The averaging processing unit 78 receives the d-axis current second harmonic phase I _{2hphi_d} and the d-axis current second harmonic amplitude I _{2hamp_d} from the amplitude/phase calculator 70, and the q-axis current second harmonic phase I _{2hphi_q} and the q-axis current second harmonic amplitude I _{2hamp_q} from the amplitude/phase calculator 76, and averages these amplitudes and phases to output the averaged second harmonic phase I _2hphi and the averaged second harmonic amplitude I _2hamp . The low-pass filter 80 receives the averaged second harmonic phase I _2hphi and the averaged second harmonic amplitude I _2hamp from the averaging processing unit 78, and removes the high-frequency components of the averaged second harmonic phase I _2hphi and the averaged second harmonic amplitude I _2hamp to output the second harmonic phase I _2hphif and the second harmonic amplitude I _2hampf . The transmission frequency band of the low-pass filter 80 should be set appropriately so that the high-frequency components of the averaged second harmonic phase I _2hphi and averaged second harmonic amplitude I _2hamp can be removed to the extent that the short-circuit detection processing unit 82, described later, can determine a rare short circuit. For example, the transmission frequency band of the low-pass filter 80 is set to be less than or equal to the transmission frequency band of the band-pass filter 64.

The short-circuit detection processing unit 82 receives the second harmonic phase I _2hphif and second harmonic amplitude I _2hampf from the low-pass filter 80 and determines whether the motor 16 is in a rare short-circuit state based on the second harmonic phase I _2hphif and second harmonic amplitude I _2hampf . Furthermore, if the motor 16 is in a rare short-circuit state, the short-circuit detection processing unit 82 can determine whether it is a phase-to-phase short circuit or a turn-to-turn short circuit. In addition, if the motor 16 is in a phase-to-phase short circuit, the short-circuit detection processing unit 82 can determine whether it is a V-phase to W-phase short circuit (VW phase-to-phase short circuit), a W-phase to U-phase short circuit (WU phase-to-phase short circuit), or a U-phase to V-phase short circuit (UV phase-to-phase short circuit), and the degree of the short circuit. Furthermore, the short-circuit detection processing unit 82 can determine whether the motor 16 is experiencing a turn-to-turn short circuit in the U-phase, V-phase, or W-phase, and can also determine the degree of the short circuit. The determination process in the short-circuit detection processing unit 82 will be described later.

The operation control unit 84 performs operation control processing to set the operating conditions of the motor 16 according to the result of the short-circuit detection processing unit 82's determination of a rare short-circuit state. The operation control processing performed by the operation control unit 84 for the motor 16 will be described later.

[Short-circuit detection process]
The following describes the short-circuit detection process related to rare shorts in the short-circuit detection processing unit 82.

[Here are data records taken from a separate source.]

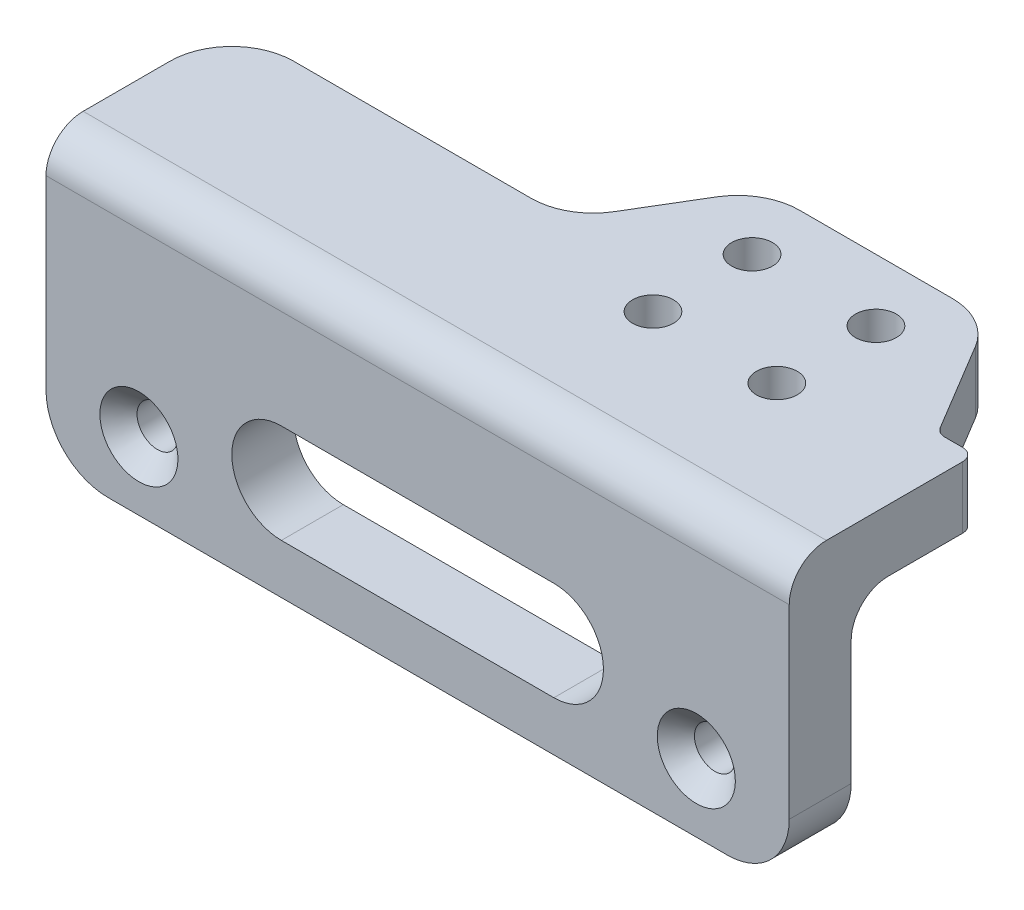
ISO-10303-21;
HEADER;
FILE_DESCRIPTION(('STEP AP214'),'2;1');
FILE_NAME('part.step','',(''),(''),'','','');
FILE_SCHEMA(('AUTOMOTIVE_DESIGN { 1 0 10303 214 1 1 1 1 }'));
ENDSEC;
DATA;
#1=APPLICATION_CONTEXT('core data for automotive mechanical design processes');
#2=APPLICATION_PROTOCOL_DEFINITION('international standard','automotive_design',2000,#1);
#3=PRODUCT_CONTEXT('',#1,'mechanical');
#4=PRODUCT('Part','Part','',(#3));
#5=PRODUCT_RELATED_PRODUCT_CATEGORY('part','',(#4));
#6=PRODUCT_DEFINITION_FORMATION('','',#4);
#7=PRODUCT_DEFINITION_CONTEXT('part definition',#1,'design');
#8=PRODUCT_DEFINITION('design','',#6,#7);
#9=PRODUCT_DEFINITION_SHAPE('','',#8);
#10=(LENGTH_UNIT() NAMED_UNIT(*) SI_UNIT(.MILLI.,.METRE.));
#11=(NAMED_UNIT(*) PLANE_ANGLE_UNIT() SI_UNIT($,.RADIAN.));
#12=(NAMED_UNIT(*) SI_UNIT($,.STERADIAN.) SOLID_ANGLE_UNIT());
#13=UNCERTAINTY_MEASURE_WITH_UNIT(LENGTH_MEASURE(1.E-05),#10,'distance_accuracy_value','');
#14=(GEOMETRIC_REPRESENTATION_CONTEXT(3) GLOBAL_UNCERTAINTY_ASSIGNED_CONTEXT((#13)) GLOBAL_UNIT_ASSIGNED_CONTEXT((#10,
#11,#12)) REPRESENTATION_CONTEXT('',''));
#15=CARTESIAN_POINT('',(0.,0.,0.));
#16=DIRECTION('',(0.,0.,1.));
#17=DIRECTION('',(1.,0.,0.));
#18=AXIS2_PLACEMENT_3D('',#15,#16,#17);
#19=CARTESIAN_POINT('',(30.,0.,0.));
#20=DIRECTION('',(0.,0.,1.));
#21=DIRECTION('',(0.,-1.,0.));
#22=AXIS2_PLACEMENT_3D('',#19,#20,#21);
#23=PLANE('',#22);
#24=DIRECTION('',(-1.,0.,0.));
#25=VECTOR('',#24,1.);
#26=CARTESIAN_POINT('',(30.,-5.99999999999999,0.));
#27=LINE('',#26,#25);
#28=CARTESIAN_POINT('',(11.,-6.,0.));
#29=VERTEX_POINT('',#28);
#30=CARTESIAN_POINT('',(-11.,-6.,0.));
#31=VERTEX_POINT('',#30);
#32=EDGE_CURVE('E225',#29,#31,#27,.T.);
#33=ORIENTED_EDGE('',*,*,#32,.T.);
#34=CARTESIAN_POINT('',(-11.,-10.,0.));
#35=DIRECTION('',(0.,0.,1.));
#36=DIRECTION('',(0.,-1.,0.));
#37=AXIS2_PLACEMENT_3D('',#34,#35,#36);
#38=CIRCLE('',#37,4.);
#39=CARTESIAN_POINT('',(-11.,-14.,0.));
#40=VERTEX_POINT('',#39);
#41=EDGE_CURVE('E217',#31,#40,#38,.T.);
#42=ORIENTED_EDGE('',*,*,#41,.T.);
#43=DIRECTION('',(1.,0.,0.));
#44=VECTOR('',#43,1.);
#45=CARTESIAN_POINT('',(30.,-14.,0.));
#46=LINE('',#45,#44);
#47=CARTESIAN_POINT('',(11.,-14.,0.));
#48=VERTEX_POINT('',#47);
#49=EDGE_CURVE('E200',#40,#48,#46,.T.);
#50=ORIENTED_EDGE('',*,*,#49,.T.);
#51=CARTESIAN_POINT('',(11.,-10.,0.));
#52=DIRECTION('',(0.,0.,1.));
#53=DIRECTION('',(0.,-1.,0.));
#54=AXIS2_PLACEMENT_3D('',#51,#52,#53);
#55=CIRCLE('',#54,4.);
#56=EDGE_CURVE('E211',#48,#29,#55,.T.);
#57=ORIENTED_EDGE('',*,*,#56,.T.);
#58=EDGE_LOOP('',(#33,#42,#50,#57));
#59=FACE_BOUND('',#58,.T.);
#60=CARTESIAN_POINT('',(22.5,-12.5,0.));
#61=DIRECTION('',(0.,0.,1.));
#62=DIRECTION('',(0.,-1.,0.));
#63=AXIS2_PLACEMENT_3D('',#60,#61,#62);
#64=CIRCLE('',#63,1.65);
#65=CARTESIAN_POINT('',(22.5,-14.15,0.));
#66=VERTEX_POINT('',#65);
#67=EDGE_CURVE('E268',#66,#66,#64,.T.);
#68=ORIENTED_EDGE('',*,*,#67,.T.);
#69=EDGE_LOOP('',(#68));
#70=FACE_BOUND('',#69,.T.);
#71=CARTESIAN_POINT('',(-22.5,-12.5,0.));
#72=DIRECTION('',(0.,0.,1.));
#73=DIRECTION('',(0.,-1.,0.));
#74=AXIS2_PLACEMENT_3D('',#71,#72,#73);
#75=CIRCLE('',#74,1.65);
#76=CARTESIAN_POINT('',(-22.5,-14.15,0.));
#77=VERTEX_POINT('',#76);
#78=EDGE_CURVE('E265',#77,#77,#75,.T.);
#79=ORIENTED_EDGE('',*,*,#78,.T.);
#80=EDGE_LOOP('',(#79));
#81=FACE_BOUND('',#80,.T.);
#82=DIRECTION('',(0.,1.,0.));
#83=VECTOR('',#82,1.);
#84=CARTESIAN_POINT('',(-30.,0.,0.));
#85=LINE('',#84,#83);
#86=CARTESIAN_POINT('',(-30.,-13.,0.));
#87=VERTEX_POINT('',#86);
#88=CARTESIAN_POINT('',(-30.,-3.,0.));
#89=VERTEX_POINT('',#88);
#90=EDGE_CURVE('E271',#87,#89,#85,.T.);
#91=ORIENTED_EDGE('',*,*,#90,.T.);
#92=DIRECTION('',(-1.,0.,0.));
#93=VECTOR('',#92,1.);
#94=CARTESIAN_POINT('',(30.,-3.,0.));
#95=LINE('',#94,#93);
#96=CARTESIAN_POINT('',(30.,-3.,0.));
#97=VERTEX_POINT('',#96);
#98=EDGE_CURVE('E372',#89,#97,#95,.F.);
#99=ORIENTED_EDGE('',*,*,#98,.T.);
#100=DIRECTION('',(0.,1.,0.));
#101=VECTOR('',#100,1.);
#102=CARTESIAN_POINT('',(30.,0.,0.));
#103=LINE('',#102,#101);
#104=CARTESIAN_POINT('',(30.,-13.,0.));
#105=VERTEX_POINT('',#104);
#106=EDGE_CURVE('E272',#105,#97,#103,.T.);
#107=ORIENTED_EDGE('',*,*,#106,.F.);
#108=CARTESIAN_POINT('',(25.,-13.,0.));
#109=DIRECTION('',(0.,0.,1.));
#110=DIRECTION('',(0.,-1.,0.));
#111=AXIS2_PLACEMENT_3D('',#108,#109,#110);
#112=CIRCLE('',#111,5.);
#113=CARTESIAN_POINT('',(25.,-18.,0.));
#114=VERTEX_POINT('',#113);
#115=EDGE_CURVE('E337',#105,#114,#112,.F.);
#116=ORIENTED_EDGE('',*,*,#115,.T.);
#117=DIRECTION('',(-1.,0.,0.));
#118=VECTOR('',#117,1.);
#119=CARTESIAN_POINT('',(30.,-18.,0.));
#120=LINE('',#119,#118);
#121=CARTESIAN_POINT('',(-25.,-18.,0.));
#122=VERTEX_POINT('',#121);
#123=EDGE_CURVE('E282',#114,#122,#120,.T.);
#124=ORIENTED_EDGE('',*,*,#123,.T.);
#125=CARTESIAN_POINT('',(-25.,-13.,0.));
#126=DIRECTION('',(0.,0.,1.));
#127=DIRECTION('',(0.,-1.,0.));
#128=AXIS2_PLACEMENT_3D('',#125,#126,#127);
#129=CIRCLE('',#128,5.);
#130=EDGE_CURVE('E335',#122,#87,#129,.F.);
#131=ORIENTED_EDGE('',*,*,#130,.T.);
#132=EDGE_LOOP('',(#91,#99,#107,#116,#124,#131));
#133=FACE_BOUND('',#132,.T.);
#134=ADVANCED_FACE('F38',(#59,#70,#81,#133),#23,.F.);
#135=CARTESIAN_POINT('',(30.,0.,0.));
#136=DIRECTION('',(0.,1.,0.));
#137=DIRECTION('',(0.,0.,1.));
#138=AXIS2_PLACEMENT_3D('',#135,#136,#137);
#139=PLANE('',#138);
#140=CARTESIAN_POINT('',(17.,0.,-15.));
#141=DIRECTION('',(0.,1.,0.));
#142=DIRECTION('',(0.,0.,1.));
#143=AXIS2_PLACEMENT_3D('',#140,#141,#142);
#144=CIRCLE('',#143,3.65);
#145=CARTESIAN_POINT('',(17.,0.,-11.35));
#146=VERTEX_POINT('',#145);
#147=EDGE_CURVE('E387',#146,#146,#144,.T.);
#148=ORIENTED_EDGE('',*,*,#147,.T.);
#149=EDGE_LOOP('',(#148));
#150=FACE_BOUND('',#149,.T.);
#151=CARTESIAN_POINT('',(17.,0.,-7.));
#152=DIRECTION('',(0.,1.,0.));
#153=DIRECTION('',(0.,0.,1.));
#154=AXIS2_PLACEMENT_3D('',#151,#152,#153);
#155=CIRCLE('',#154,3.65);
#156=CARTESIAN_POINT('',(17.,0.,-3.35));
#157=VERTEX_POINT('',#156);
#158=EDGE_CURVE('E384',#157,#157,#155,.T.);
#159=ORIENTED_EDGE('',*,*,#158,.T.);
#160=EDGE_LOOP('',(#159));
#161=FACE_BOUND('',#160,.T.);
#162=CARTESIAN_POINT('',(7.,0.,-15.));
#163=DIRECTION('',(0.,1.,0.));
#164=DIRECTION('',(0.,0.,1.));
#165=AXIS2_PLACEMENT_3D('',#162,#163,#164);
#166=CIRCLE('',#165,3.65);
#167=CARTESIAN_POINT('',(7.,0.,-11.35));
#168=VERTEX_POINT('',#167);
#169=EDGE_CURVE('E381',#168,#168,#166,.T.);
#170=ORIENTED_EDGE('',*,*,#169,.T.);
#171=EDGE_LOOP('',(#170));
#172=FACE_BOUND('',#171,.T.);
#173=CARTESIAN_POINT('',(7.,0.,-7.));
#174=DIRECTION('',(0.,1.,0.));
#175=DIRECTION('',(0.,0.,1.));
#176=AXIS2_PLACEMENT_3D('',#173,#174,#175);
#177=CIRCLE('',#176,3.65);
#178=CARTESIAN_POINT('',(7.,0.,-3.35));
#179=VERTEX_POINT('',#178);
#180=EDGE_CURVE('E378',#179,#179,#177,.T.);
#181=ORIENTED_EDGE('',*,*,#180,.T.);
#182=EDGE_LOOP('',(#181));
#183=FACE_BOUND('',#182,.T.);
#184=DIRECTION('',(1.,0.,0.));
#185=VECTOR('',#184,1.);
#186=CARTESIAN_POINT('',(30.,0.,-10.));
#187=LINE('',#186,#185);
#188=CARTESIAN_POINT('',(27.5661903789691,0.,-10.));
#189=VERTEX_POINT('',#188);
#190=CARTESIAN_POINT('',(29.,0.,-10.));
#191=VERTEX_POINT('',#190);
#192=EDGE_CURVE('E257',#189,#191,#187,.T.);
#193=ORIENTED_EDGE('',*,*,#192,.T.);
#194=CARTESIAN_POINT('',(29.,0.,-9.));
#195=DIRECTION('',(0.,1.,0.));
#196=DIRECTION('',(0.,0.,1.));
#197=AXIS2_PLACEMENT_3D('',#194,#195,#196);
#198=CIRCLE('',#197,1.);
#199=CARTESIAN_POINT('',(30.,0.,-9.));
#200=VERTEX_POINT('',#199);
#201=EDGE_CURVE('E53',#191,#200,#198,.F.);
#202=ORIENTED_EDGE('',*,*,#201,.T.);
#203=DIRECTION('',(0.,0.,-1.));
#204=VECTOR('',#203,1.);
#205=CARTESIAN_POINT('',(30.,0.,0.));
#206=LINE('',#205,#204);
#207=CARTESIAN_POINT('',(30.,0.,-3.));
#208=VERTEX_POINT('',#207);
#209=EDGE_CURVE('E275',#208,#200,#206,.T.);
#210=ORIENTED_EDGE('',*,*,#209,.F.);
#211=DIRECTION('',(-1.,0.,0.));
#212=VECTOR('',#211,1.);
#213=CARTESIAN_POINT('',(-30.,0.,-3.));
#214=LINE('',#213,#212);
#215=CARTESIAN_POINT('',(-30.,0.,-3.));
#216=VERTEX_POINT('',#215);
#217=EDGE_CURVE('E369',#208,#216,#214,.T.);
#218=ORIENTED_EDGE('',*,*,#217,.T.);
#219=DIRECTION('',(0.,0.,-1.));
#220=VECTOR('',#219,1.);
#221=CARTESIAN_POINT('',(-30.,0.,0.));
#222=LINE('',#221,#220);
#223=CARTESIAN_POINT('',(-30.,0.,-5.));
#224=VERTEX_POINT('',#223);
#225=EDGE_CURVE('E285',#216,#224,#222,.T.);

Figure 4 shows the time variation of the second harmonic of the dq-axis current (and the time variation after all-pass filtering) when the motor 16 experiences a VW phase short circuit, as well as the second harmonic amplitude and second harmonic phase of the dq-axis current output from the low-pass filter 80. As shown in Figure 4, when the motor 16 experiences a VW phase short circuit, the second harmonic phase of the dq-axis current output from the low-pass filter 80 remains stable within a phase range of 0 degrees to less than 120 degrees without significant time fluctuations. Furthermore, the second harmonic amplitude of the dq-axis current output from the low-pass filter 80 also does not fluctuate significantly over time, exhibiting values corresponding to the degree of the short circuit. Note that "values corresponding to the degree of the short circuit" means that smaller values are observed for smaller short-circuit currents, and larger values are observed for larger short-circuit currents.

Furthermore, even if motor 16 experiences a WU phase short circuit, the second harmonic amplitude and phase do not fluctuate significantly over time. When motor 16 experiences a WU phase short circuit, the second harmonic phase of the dq-axis current stabilizes within a phase range of 120 degrees to less than 240 degrees. Similarly, even if motor 16 experiences a UV phase short circuit, the second harmonic amplitude and phase do not fluctuate significantly over time. When motor 16 experiences a UV phase short circuit, the second harmonic phase of the dq-axis current stabilizes within a phase range of 240 degrees to less than 360 degrees.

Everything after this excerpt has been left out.